Of the lines listed below, return exactly those that run from the line containing "#6=PRODUCT_DEFINITION_FORMATION('','',#4);" through the line containing "#21=DIRECTION('',(0.,0.,-1.));", both included.

◆ **Extracted records**
····················

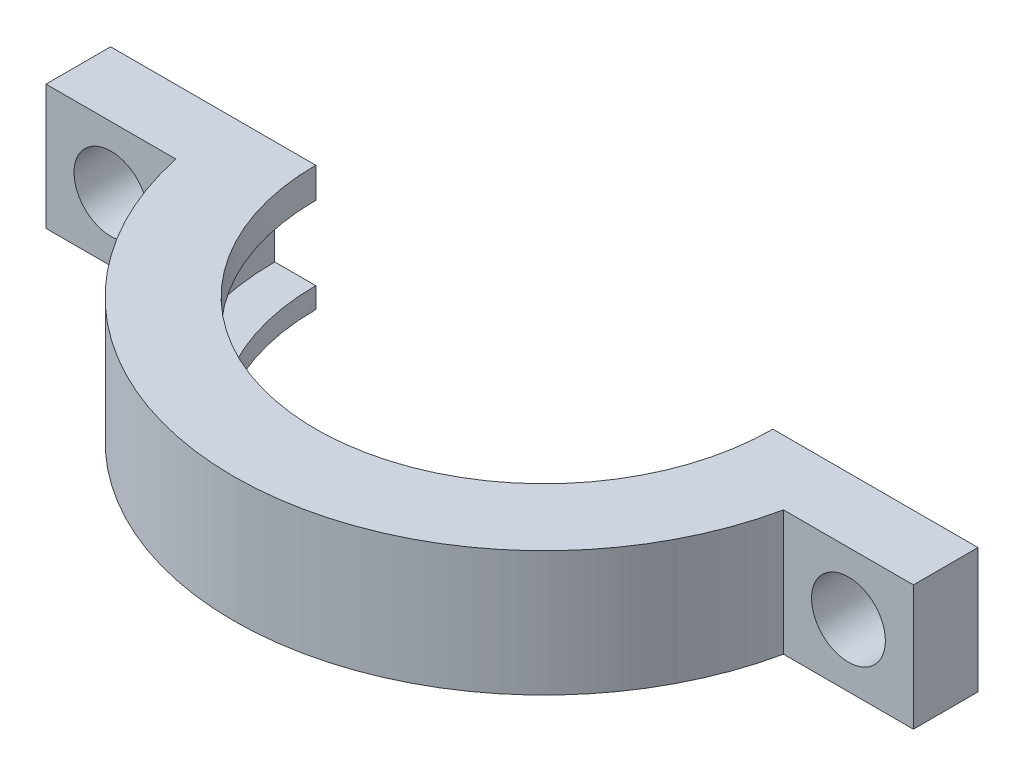
ISO-10303-21;
HEADER;
FILE_DESCRIPTION(('STEP AP214'),'2;1');
FILE_NAME('part.step','',(''),(''),'','','');
FILE_SCHEMA(('AUTOMOTIVE_DESIGN { 1 0 10303 214 1 1 1 1 }'));
ENDSEC;
DATA;
#1=APPLICATION_CONTEXT('core data for automotive mechanical design processes');
#2=APPLICATION_PROTOCOL_DEFINITION('international standard','automotive_design',2000,#1);
#3=PRODUCT_CONTEXT('',#1,'mechanical');
#4=PRODUCT('Part','Part','',(#3));
#5=PRODUCT_RELATED_PRODUCT_CATEGORY('part','',(#4));
#6=PRODUCT_DEFINITION_FORMATION('','',#4);
#7=PRODUCT_DEFINITION_CONTEXT('part definition',#1,'design');
#8=PRODUCT_DEFINITION('design','',#6,#7);
#9=PRODUCT_DEFINITION_SHAPE('','',#8);
#10=(LENGTH_UNIT() NAMED_UNIT(*) SI_UNIT(.MILLI.,.METRE.));
#11=(NAMED_UNIT(*) PLANE_ANGLE_UNIT() SI_UNIT($,.RADIAN.));
#12=(NAMED_UNIT(*) SI_UNIT($,.STERADIAN.) SOLID_ANGLE_UNIT());
#13=UNCERTAINTY_MEASURE_WITH_UNIT(LENGTH_MEASURE(1.E-05),#10,'distance_accuracy_value','');
#14=(GEOMETRIC_REPRESENTATION_CONTEXT(3) GLOBAL_UNCERTAINTY_ASSIGNED_CONTEXT((#13)) GLOBAL_UNIT_ASSIGNED_CONTEXT((#10,
#11,#12)) REPRESENTATION_CONTEXT('',''));
#15=CARTESIAN_POINT('',(0.,0.,0.));
#16=DIRECTION('',(0.,0.,1.));
#17=DIRECTION('',(1.,0.,0.));
#18=AXIS2_PLACEMENT_3D('',#15,#16,#17);
#19=CARTESIAN_POINT('',(-49.7442644411717,0.,0.));
#20=DIRECTION('',(0.,-1.,0.));
#21=DIRECTION('',(0.,0.,-1.));
#22=AXIS2_PLACEMENT_3D('',#19,#20,#21);
#23=CYLINDRICAL_SURFACE('',#22,15.1402673023807);
#24=CARTESIAN_POINT('',(-49.7442644411717,11.7337288164038,0.));
#25=DIRECTION('',(0.,-1.,0.));
#26=DIRECTION('',(0.,0.,-1.));
#27=AXIS2_PLACEMENT_3D('',#24,#25,#26);
#28=CIRCLE('',#27,15.1402673023807);
#29=CARTESIAN_POINT('',(-34.9353078949616,11.7337288164038,3.15000000000001));
#30=VERTEX_POINT('',#29);
#31=CARTESIAN_POINT('',(-64.5532209873817,11.7337288164038,3.15));
#32=VERTEX_POINT('',#31);
#33=EDGE_CURVE('E12',#30,#32,#28,.T.);
#34=ORIENTED_EDGE('',*,*,#33,.T.);
#35=DIRECTION('',(0.,1.,0.));
#36=VECTOR('',#35,1.);
#37=CARTESIAN_POINT('',(-64.5532209873817,-3.29191368207121,3.15));
#38=LINE('',#37,#36);
#39=CARTESIAN_POINT('',(-64.5532209873817,5.63979924945554,3.15));
#40=VERTEX_POINT('',#39);
#41=EDGE_CURVE('E176',#40,#32,#38,.T.);
#42=ORIENTED_EDGE('',*,*,#41,.F.);
#43=CARTESIAN_POINT('',(-49.7442644411717,5.63979924945554,0.));
#44=DIRECTION('',(0.,-1.,0.));
#45=DIRECTION('',(0.,0.,-1.));
#46=AXIS2_PLACEMENT_3D('',#43,#44,#45);
#47=CIRCLE('',#46,15.1402673023807);
#48=CARTESIAN_POINT('',(-34.9353078949616,5.63979924945554,3.15000000000001));
#49=VERTEX_POINT('',#48);
#50=EDGE_CURVE('E57',#49,#40,#47,.T.);
#51=ORIENTED_EDGE('',*,*,#50,.F.);
#52=DIRECTION('',(0.,1.,0.));
#53=VECTOR('',#52,1.);
#54=CARTESIAN_POINT('',(-34.9353078949616,-3.29191368207121,3.15000000000001));
#55=LINE('',#54,#53);
#56=EDGE_CURVE('E188',#49,#30,#55,.T.);
#57=ORIENTED_EDGE('',*,*,#56,.T.);
#58=EDGE_LOOP('',(#34,#42,#51,#57));
#59=FACE_BOUND('',#58,.T.);
#60=ADVANCED_FACE('F47',(#59),#23,.T.);
#61=CARTESIAN_POINT('',(-28.603997138791,-3.29191368207121,3.15000000000001));
#62=DIRECTION('',(1.,0.,0.));
#63=DIRECTION('',(0.,0.,-1.));
#64=AXIS2_PLACEMENT_3D('',#61,#62,#63);
#65=PLANE('',#64);
#66=DIRECTION('',(0.,-1.,0.));
#67=VECTOR('',#66,1.);
#68=CARTESIAN_POINT('',(-28.603997138791,-3.29191368207121,0.));
#69=LINE('',#68,#67);
#70=CARTESIAN_POINT('',(-28.603997138791,11.7337288164038,0.));
#71=VERTEX_POINT('',#70);
#72=CARTESIAN_POINT('',(-28.603997138791,5.63979924945554,0.));
#73=VERTEX_POINT('',#72);
#74=EDGE_CURVE('E239',#71,#73,#69,.T.);
#75=ORIENTED_EDGE('',*,*,#74,.F.);
#76=DIRECTION('',(0.,0.,-1.));
#77=VECTOR('',#76,1.);
#78=CARTESIAN_POINT('',(-28.603997138791,11.7337288164038,3.15000000000001));
#79=LINE('',#78,#77);
#80=CARTESIAN_POINT('',(-28.603997138791,11.7337288164038,3.15000000000001));
#81=VERTEX_POINT('',#80);
#82=EDGE_CURVE('E170',#81,#71,#79,.T.);
#83=ORIENTED_EDGE('',*,*,#82,.F.);
#84=DIRECTION('',(0.,1.,0.));
#85=VECTOR('',#84,1.);
#86=CARTESIAN_POINT('',(-28.603997138791,-3.29191368207121,3.15000000000001));
#87=LINE('',#86,#85);
#88=CARTESIAN_POINT('',(-28.603997138791,5.63979924945554,3.15000000000001));
#89=VERTEX_POINT('',#88);
#90=EDGE_CURVE('E192',#89,#81,#87,.T.);
#91=ORIENTED_EDGE('',*,*,#90,.F.);
#92=DIRECTION('',(0.,0.,1.));
#93=VECTOR('',#92,1.);
#94=CARTESIAN_POINT('',(-28.603997138791,5.63979924945554,3.15000000000001));
#95=LINE('',#94,#93);
#96=EDGE_CURVE('E186',#73,#89,#95,.T.);
#97=ORIENTED_EDGE('',*,*,#96,.F.);
#98=EDGE_LOOP('',(#75,#83,#91,#97));
#99=FACE_BOUND('',#98,.T.);
#100=ADVANCED_FACE('F238',(#99),#65,.T.);
#101=CARTESIAN_POINT('',(-49.7442644411717,0.,0.));
#102=DIRECTION('',(0.,-1.,0.));
#103=DIRECTION('',(0.,0.,-1.));
#104=AXIS2_PLACEMENT_3D('',#101,#102,#103);
#105=CYLINDRICAL_SURFACE('',#104,11.1402673023807);
#106=CARTESIAN_POINT('',(-49.7442644411717,10.2506791032564,0.));
#107=DIRECTION('',(0.,-1.,0.));
#108=DIRECTION('',(0.,0.,-1.));
#109=AXIS2_PLACEMENT_3D('',#106,#107,#108);
#110=CIRCLE('',#109,11.1402673023807);
#111=CARTESIAN_POINT('',(-38.603997138791,10.2506791032564,0.));
#112=VERTEX_POINT('',#111);
#113=CARTESIAN_POINT('',(-60.8845317435524,10.2506791032564,0.));
#114=VERTEX_POINT('',#113);
#115=EDGE_CURVE('E201',#112,#114,#110,.T.);
#116=ORIENTED_EDGE('',*,*,#115,.T.);
#117=DIRECTION('',(0.,-1.,0.));
#118=VECTOR('',#117,1.);
#119=CARTESIAN_POINT('',(-60.8845317435524,0.,0.));
#120=LINE('',#119,#118);
#121=CARTESIAN_POINT('',(-60.8845317435524,11.7337288164038,0.));
#122=VERTEX_POINT('',#121);
#123=EDGE_CURVE('E156',#114,#122,#120,.F.);
#124=ORIENTED_EDGE('',*,*,#123,.T.);
#125=CARTESIAN_POINT('',(-49.7442644411717,11.7337288164038,0.));
#126=DIRECTION('',(0.,-1.,0.));
#127=DIRECTION('',(0.,0.,-1.));
#128=AXIS2_PLACEMENT_3D('',#125,#126,#127);
#129=CIRCLE('',#128,11.1402673023807);
#130=CARTESIAN_POINT('',(-38.603997138791,11.7337288164038,0.));
#131=VERTEX_POINT('',#130);
#132=EDGE_CURVE('E154',#131,#122,#129,.T.);
#133=ORIENTED_EDGE('',*,*,#132,.F.);
#134=DIRECTION('',(0.,-1.,0.));
#135=VECTOR('',#134,1.);
#136=CARTESIAN_POINT('',(-38.603997138791,0.,0.));
#137=LINE('',#136,#135);
#138=EDGE_CURVE('E253',#131,#112,#137,.T.);
#139=ORIENTED_EDGE('',*,*,#138,.T.);
#140=EDGE_LOOP('',(#116,#124,#133,#139));
#141=FACE_BOUND('',#140,.T.);
#142=ADVANCED_FACE('F326',(#141),#105,.F.);
#143=CARTESIAN_POINT('',(-62.8845317435524,10.2506791032564,0.));
#144=DIRECTION('',(0.,1.,0.));
#145=DIRECTION('',(0.,0.,1.));
#146=AXIS2_PLACEMENT_3D('',#143,#144,#145);
#147=PLANE('',#146);
#148=CARTESIAN_POINT('',(-49.7442644411717,10.2506791032564,0.));
#149=DIRECTION('',(0.,-1.,0.));
#150=DIRECTION('',(0.,0.,-1.));
#151=AXIS2_PLACEMENT_3D('',#148,#149,#150);
#152=CIRCLE('',#151,13.1402673023807);
#153=CARTESIAN_POINT('',(-36.603997138791,10.2506791032564,0.));
#154=VERTEX_POINT('',#153);
#155=CARTESIAN_POINT('',(-62.8845317435524,10.2506791032564,0.));
#156=VERTEX_POINT('',#155);
#157=EDGE_CURVE('E205',#154,#156,#152,.T.);
#158=ORIENTED_EDGE('',*,*,#157,.T.);
#159=DIRECTION('',(1.,0.,0.));
#160=VECTOR('',#159,1.);
#161=CARTESIAN_POINT('',(-62.8845317435524,10.2506791032564,0.));
#162=LINE('',#161,#160);
#163=EDGE_CURVE('E292',#156,#114,#162,.T.);
#164=ORIENTED_EDGE('',*,*,#163,.T.);
#165=ORIENTED_EDGE('',*,*,#115,.F.);
#166=EDGE_CURVE('E257',#112,#154,#162,.T.);
#167=ORIENTED_EDGE('',*,*,#166,.T.);
#168=EDGE_LOOP('',(#158,#164,#165,#167));
#169=FACE_BOUND('',#168,.T.);
#170=ADVANCED_FACE('F338',(#169),#147,.F.);
#171=CARTESIAN_POINT('',(-49.7442644411717,0.,0.));
#172=DIRECTION('',(0.,-1.,0.));
#173=DIRECTION('',(0.,0.,-1.));
#174=AXIS2_PLACEMENT_3D('',#171,#172,#173);
#175=CYLINDRICAL_SURFACE('',#174,13.1402673023807);
#176=CARTESIAN_POINT('',(-49.7442644411717,6.65067910325642,0.));
#177=DIRECTION('',(0.,-1.,0.));
#178=DIRECTION('',(0.,0.,-1.));
#179=AXIS2_PLACEMENT_3D('',#176,#177,#178);
#180=CIRCLE('',#179,13.1402673023807);
#181=CARTESIAN_POINT('',(-36.603997138791,6.65067910325642,0.));
#182=VERTEX_POINT('',#181);
#183=CARTESIAN_POINT('',(-62.8845317435524,6.65067910325642,0.));
#184=VERTEX_POINT('',#183);
#185=EDGE_CURVE('E209',#182,#184,#180,.T.);
#186=ORIENTED_EDGE('',*,*,#185,.T.);
#187=DIRECTION('',(0.,-1.,0.));
#188=VECTOR('',#187,1.);
#189=CARTESIAN_POINT('',(-62.8845317435524,0.,0.));
#190=LINE('',#189,#188);
#191=EDGE_CURVE('E289',#184,#156,#190,.F.);
#192=ORIENTED_EDGE('',*,*,#191,.T.);
#193=ORIENTED_EDGE('',*,*,#157,.F.);
#194=DIRECTION('',(0.,-1.,0.));
#195=VECTOR('',#194,1.);
#196=CARTESIAN_POINT('',(-36.603997138791,0.,0.));
#197=LINE('',#196,#195);
#198=EDGE_CURVE('E258',#154,#182,#197,.T.);
#199=ORIENTED_EDGE('',*,*,#198,.T.);
#200=EDGE_LOOP('',(#186,#192,#193,#199));
#201=FACE_BOUND('',#200,.T.);
#202=ADVANCED_FACE('F335',(#201),#175,.F.);
#203=CARTESIAN_POINT('',(-60.8845317435524,6.65067910325642,0.));
#204=DIRECTION('',(0.,-1.,0.));
#205=DIRECTION('',(0.,0.,-1.));
#206=AXIS2_PLACEMENT_3D('',#203,#204,#205);
#207=PLANE('',#206);
#208=ORIENTED_EDGE('',*,*,#185,.F.);
#209=DIRECTION('',(-1.,0.,0.));
#210=VECTOR('',#209,1.);
#211=CARTESIAN_POINT('',(-60.8845317435524,6.65067910325642,0.));
#212=LINE('',#211,#210);
#213=CARTESIAN_POINT('',(-38.603997138791,6.65067910325642,0.));
#214=VERTEX_POINT('',#213);
#215=EDGE_CURVE('E262',#182,#214,#212,.T.);
#216=ORIENTED_EDGE('',*,*,#215,.T.);
#217=CARTESIAN_POINT('',(-49.7442644411717,6.65067910325642,0.));
#218=DIRECTION('',(0.,-1.,0.));
#219=DIRECTION('',(0.,0.,-1.));
#220=AXIS2_PLACEMENT_3D('',#217,#218,#219);
#221=CIRCLE('',#220,11.1402673023807);
#222=CARTESIAN_POINT('',(-60.8845317435524,6.65067910325642,0.));
#223=VERTEX_POINT('',#222);
#224=EDGE_CURVE('E213',#214,#223,#221,.T.);
#225=ORIENTED_EDGE('',*,*,#224,.T.);
#226=EDGE_CURVE('E249',#223,#184,#212,.T.);
#227=ORIENTED_EDGE('',*,*,#226,.T.);
#228=EDGE_LOOP('',(#208,#216,#225,#227));
#229=FACE_BOUND('',#228,.T.);
#230=ADVANCED_FACE('F284',(#229),#207,.F.);
#231=CARTESIAN_POINT('',(-49.7442644411717,0.,0.));
#232=DIRECTION('',(0.,-1.,0.));
#233=DIRECTION('',(0.,0.,-1.));
#234=AXIS2_PLACEMENT_3D('',#231,#232,#233);
#235=CYLINDRICAL_SURFACE('',#234,11.1402673023807);
#236=CARTESIAN_POINT('',(-49.7442644411717,5.63979924945554,0.));
#237=DIRECTION('',(0.,-1.,0.));
#238=DIRECTION('',(0.,0.,-1.));
#239=AXIS2_PLACEMENT_3D('',#236,#237,#238);
#240=CIRCLE('',#239,11.1402673023807);
#241=CARTESIAN_POINT('',(-38.603997138791,5.63979924945554,0.));
#242=VERTEX_POINT('',#241);
#243=CARTESIAN_POINT('',(-60.8845317435524,5.63979924945554,0.));
#244=VERTEX_POINT('',#243);
#245=EDGE_CURVE('E217',#242,#244,#240,.T.);
#246=ORIENTED_EDGE('',*,*,#245,.T.);
#247=DIRECTION('',(0.,-1.,0.));
#248=VECTOR('',#247,1.);
#249=CARTESIAN_POINT('',(-60.8845317435524,0.,0.));
#250=LINE('',#249,#248);
#251=EDGE_CURVE('E243',#244,#223,#250,.F.);
#252=ORIENTED_EDGE('',*,*,#251,.T.);
#253=ORIENTED_EDGE('',*,*,#224,.F.);
#254=DIRECTION('',(0.,-1.,0.));
#255=VECTOR('',#254,1.);
#256=CARTESIAN_POINT('',(-38.603997138791,0.,0.));
#257=LINE('',#256,#255);
#258=EDGE_CURVE('E263',#214,#242,#257,.T.);
#259=ORIENTED_EDGE('',*,*,#258,.T.);
#260=EDGE_LOOP('',(#246,#252,#253,#259));
#261=FACE_BOUND('',#260,.T.);
#262=ADVANCED_FACE('F278',(#261),#235,.F.);
#263=CARTESIAN_POINT('',(-70.8845317435524,-3.29191368207121,-3.15));
#264=DIRECTION('',(-1.,0.,0.));
#265=DIRECTION('',(0.,0.,1.));
#266=AXIS2_PLACEMENT_3D('',#263,#264,#265);
#267=PLANE('',#266);
#268=DIRECTION('',(0.,1.,0.));
#269=VECTOR('',#268,1.);
#270=CARTESIAN_POINT('',(-70.8845317435524,-3.29191368207121,0.));
#271=LINE('',#270,#269);
#272=CARTESIAN_POINT('',(-70.8845317435524,5.63979924945554,0.));
#273=VERTEX_POINT('',#272);
#274=CARTESIAN_POINT('',(-70.8845317435524,11.7337288164038,0.));
#275=VERTEX_POINT('',#274);
#276=EDGE_CURVE('E135',#273,#275,#271,.T.);
#277=ORIENTED_EDGE('',*,*,#276,.F.);
#278=DIRECTION('',(0.,0.,-1.));
#279=VECTOR('',#278,1.);
#280=CARTESIAN_POINT('',(-70.8845317435524,5.63979924945554,-3.15));
#281=LINE('',#280,#279);
#282=CARTESIAN_POINT('',(-70.8845317435524,5.63979924945554,3.15));
#283=VERTEX_POINT('',#282);
#284=EDGE_CURVE('E179',#283,#273,#281,.T.);
#285=ORIENTED_EDGE('',*,*,#284,.F.);
#286=DIRECTION('',(0.,1.,0.));
#287=VECTOR('',#286,1.);
#288=CARTESIAN_POINT('',(-70.8845317435524,-3.29191368207121,3.15));
#289=LINE('',#288,#287);
#290=CARTESIAN_POINT('',(-70.8845317435524,11.7337288164038,3.15));
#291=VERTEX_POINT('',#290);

····················

◆ **SOLUTION**
#6=PRODUCT_DEFINITION_FORMATION('','',#4);
#7=PRODUCT_DEFINITION_CONTEXT('part definition',#1,'design');
#8=PRODUCT_DEFINITION('design','',#6,#7);
#9=PRODUCT_DEFINITION_SHAPE('','',#8);
#10=(LENGTH_UNIT() NAMED_UNIT(*) SI_UNIT(.MILLI.,.METRE.));
#11=(NAMED_UNIT(*) PLANE_ANGLE_UNIT() SI_UNIT($,.RADIAN.));
#12=(NAMED_UNIT(*) SI_UNIT($,.STERADIAN.) SOLID_ANGLE_UNIT());
#13=UNCERTAINTY_MEASURE_WITH_UNIT(LENGTH_MEASURE(1.E-05),#10,'distance_accuracy_value','');
#14=(GEOMETRIC_REPRESENTATION_CONTEXT(3) GLOBAL_UNCERTAINTY_ASSIGNED_CONTEXT((#13)) GLOBAL_UNIT_ASSIGNED_CONTEXT((#10,
#11,#12)) REPRESENTATION_CONTEXT('',''));
#15=CARTESIAN_POINT('',(0.,0.,0.));
#16=DIRECTION('',(0.,0.,1.));
#17=DIRECTION('',(1.,0.,0.));
#18=AXIS2_PLACEMENT_3D('',#15,#16,#17);
#19=CARTESIAN_POINT('',(-49.7442644411717,0.,0.));
#20=DIRECTION('',(0.,-1.,0.));
#21=DIRECTION('',(0.,0.,-1.));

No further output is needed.